In 1989, the EPA, United States Army and Tennessee Department of Environment and Conservation (TDEC) signed a Federal Facilities Agreement (FFA) for the site. The FFA ensures that the parties would fully investigate environmental impacts associated with past and present activities at the installation and complete appropriate cleanup actions through established schedules and enforceable milestones.

In the early 1990s, the United States Army financed the relocation of the city's drinking water well field. The United States Army implemented institutional controls to prohibit groundwater use in contaminated areas.

In 2010, the third Five-Year Review found that the cleanup activities were protecting people and the environment.

In 2013, the United States Army submitted its Site-wide Feasibility Study to the EPA for approval. The cleanup of affected soil was completed leaving the cleanup and long-term care of the groundwater contamination plume. The velocities of the plume vary, but the direction is primarily North towards the Rutherford Fork of the Obion River and from the Northwest boundary towards the city.

The long-term care of the groundwater contamination plume is expected to last through 2075 when contamination is expected to be below the EPA required two parts per billion.

==Sports==
In 1923, Milan shared the Milan-Trenton Twins, a Minor League Baseball team of the Kentucky–Illinois–Tennessee League, with nearby Trenton.

==Notable people==

===Politics and academia===
- A. P. Barrett, Texas politician and businessman
- Mary Lee (Harris) Cagle, one of the first influential women and pastors of the Church of the Nazarene. In 1894, she helped found a 14-member New Testament Church of Christ in Milan.
- Gordon Browning, the Governor of Tennessee 1937–1939 and 1949–1953. His childhood home is located on the grounds of the Milan Army Ammunition Plant.
- Kelsie Brown Harder, the onomastician expert and director of the Place Name Survey of the United States.
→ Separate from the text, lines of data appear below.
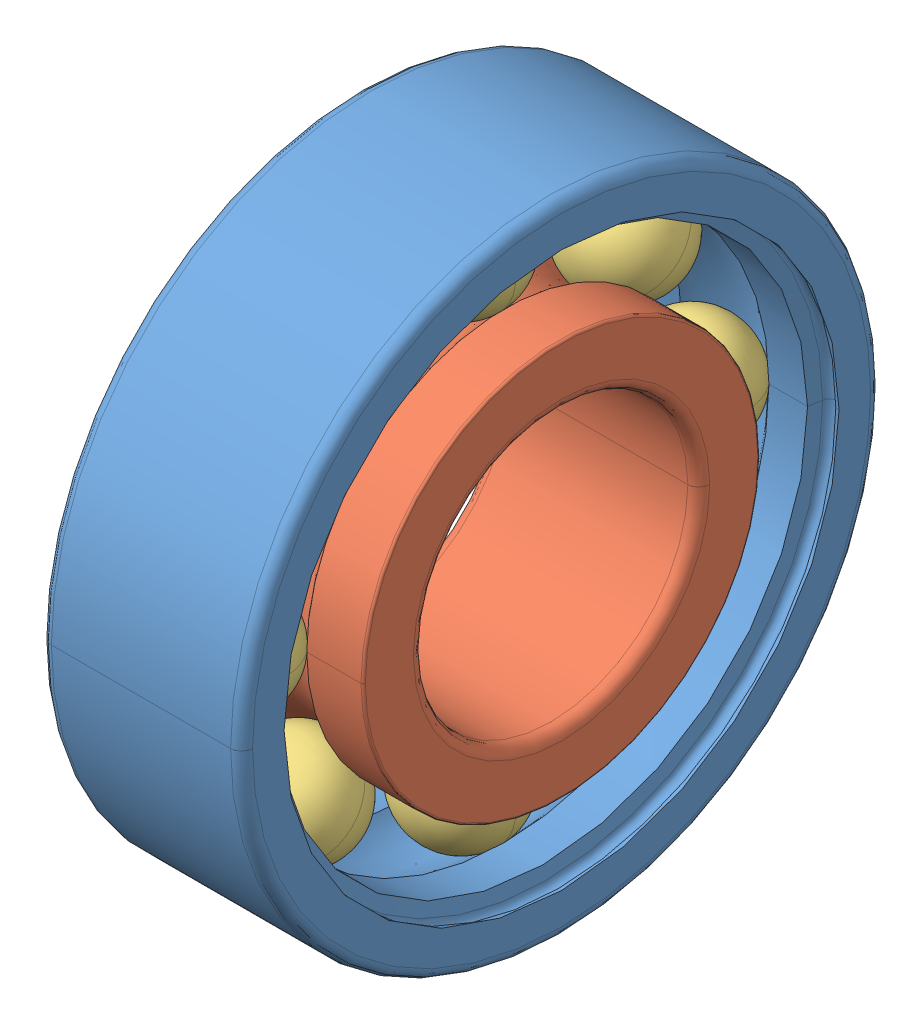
SolidWorks assembly 6202_VA201.sldasm, configuration Default (file format 11000). Lengths in mm.
Overall size (11 35 35).
10 component instances, 3 part files, 0 mates.
Components (placement in the parent):
- _6202_VA201_PART1_2-1: _6202_VA201_PART1_2.sldprt [Default] at origin size (11 35 35)
- _6202_VA201_PART2_4-1: _6202_VA201_PART2_4.sldprt [Default] at origin size (11 21.7 21.7)
- _6202_VA201_PART5_10-1: _6202_VA201_PART5_10.sldprt [Default] at origin size (6 6 6)
- _6202_VA201_PART5_10-2: _6202_VA201_PART5_10.sldprt [Default] x (1 0 0) z (0 0.707107 0.707107) size (6 6 6)
- _6202_VA201_PART5_10-3: _6202_VA201_PART5_10.sldprt [Default] x (1 0 0) z (0 1 0) size (6 6 6)
- _6202_VA201_PART5_10-4: _6202_VA201_PART5_10.sldprt [Default] x (1 0 0) z (0 0.707107 -0.707107) size (6 6 6)
- _6202_VA201_PART5_10-5: _6202_VA201_PART5_10.sldprt [Default] x (1 0 0) z (0 0 -1) size (6 6 6)
- _6202_VA201_PART5_10-6: _6202_VA201_PART5_10.sldprt [Default] x (1 0 0) z (0 -0.707107 -0.707107) size (6 6 6)
- _6202_VA201_PART5_10-7: _6202_VA201_PART5_10.sldprt [Default] x (1 0 0) z (0 -1 0) size (6 6 6)
- _6202_VA201_PART5_10-8: _6202_VA201_PART5_10.sldprt [Default] x (1 0 0) z (0 -0.707107 0.707107) size (6 6 6)

In 1942, Harder was employed by the U.S. Department of War, in Milan.
- Andrew 'Andy' Holt, the 16th president of the University of Tennessee 1959–1970, was born in Milan.

===Sports===
- Benjamin Caldwell Cantwell, the major league baseball pitcher, was born in Milan April 13, 1902.
- Burnis 'Wild Bill' Wright, the Negro league baseball pitcher and outfielder, was born in Milan June 6, 1914.
- Avery Williamson, former NFL player.

===Entertainment===
- Joe Staton, the illustrator and writer of comic books such as E-Man, graduated from Milan High School in 1966.
- Kellye Cash-Sheppard, the 1986 Miss Tennessee and 1987 Miss America turned musical artist, resides in Milan.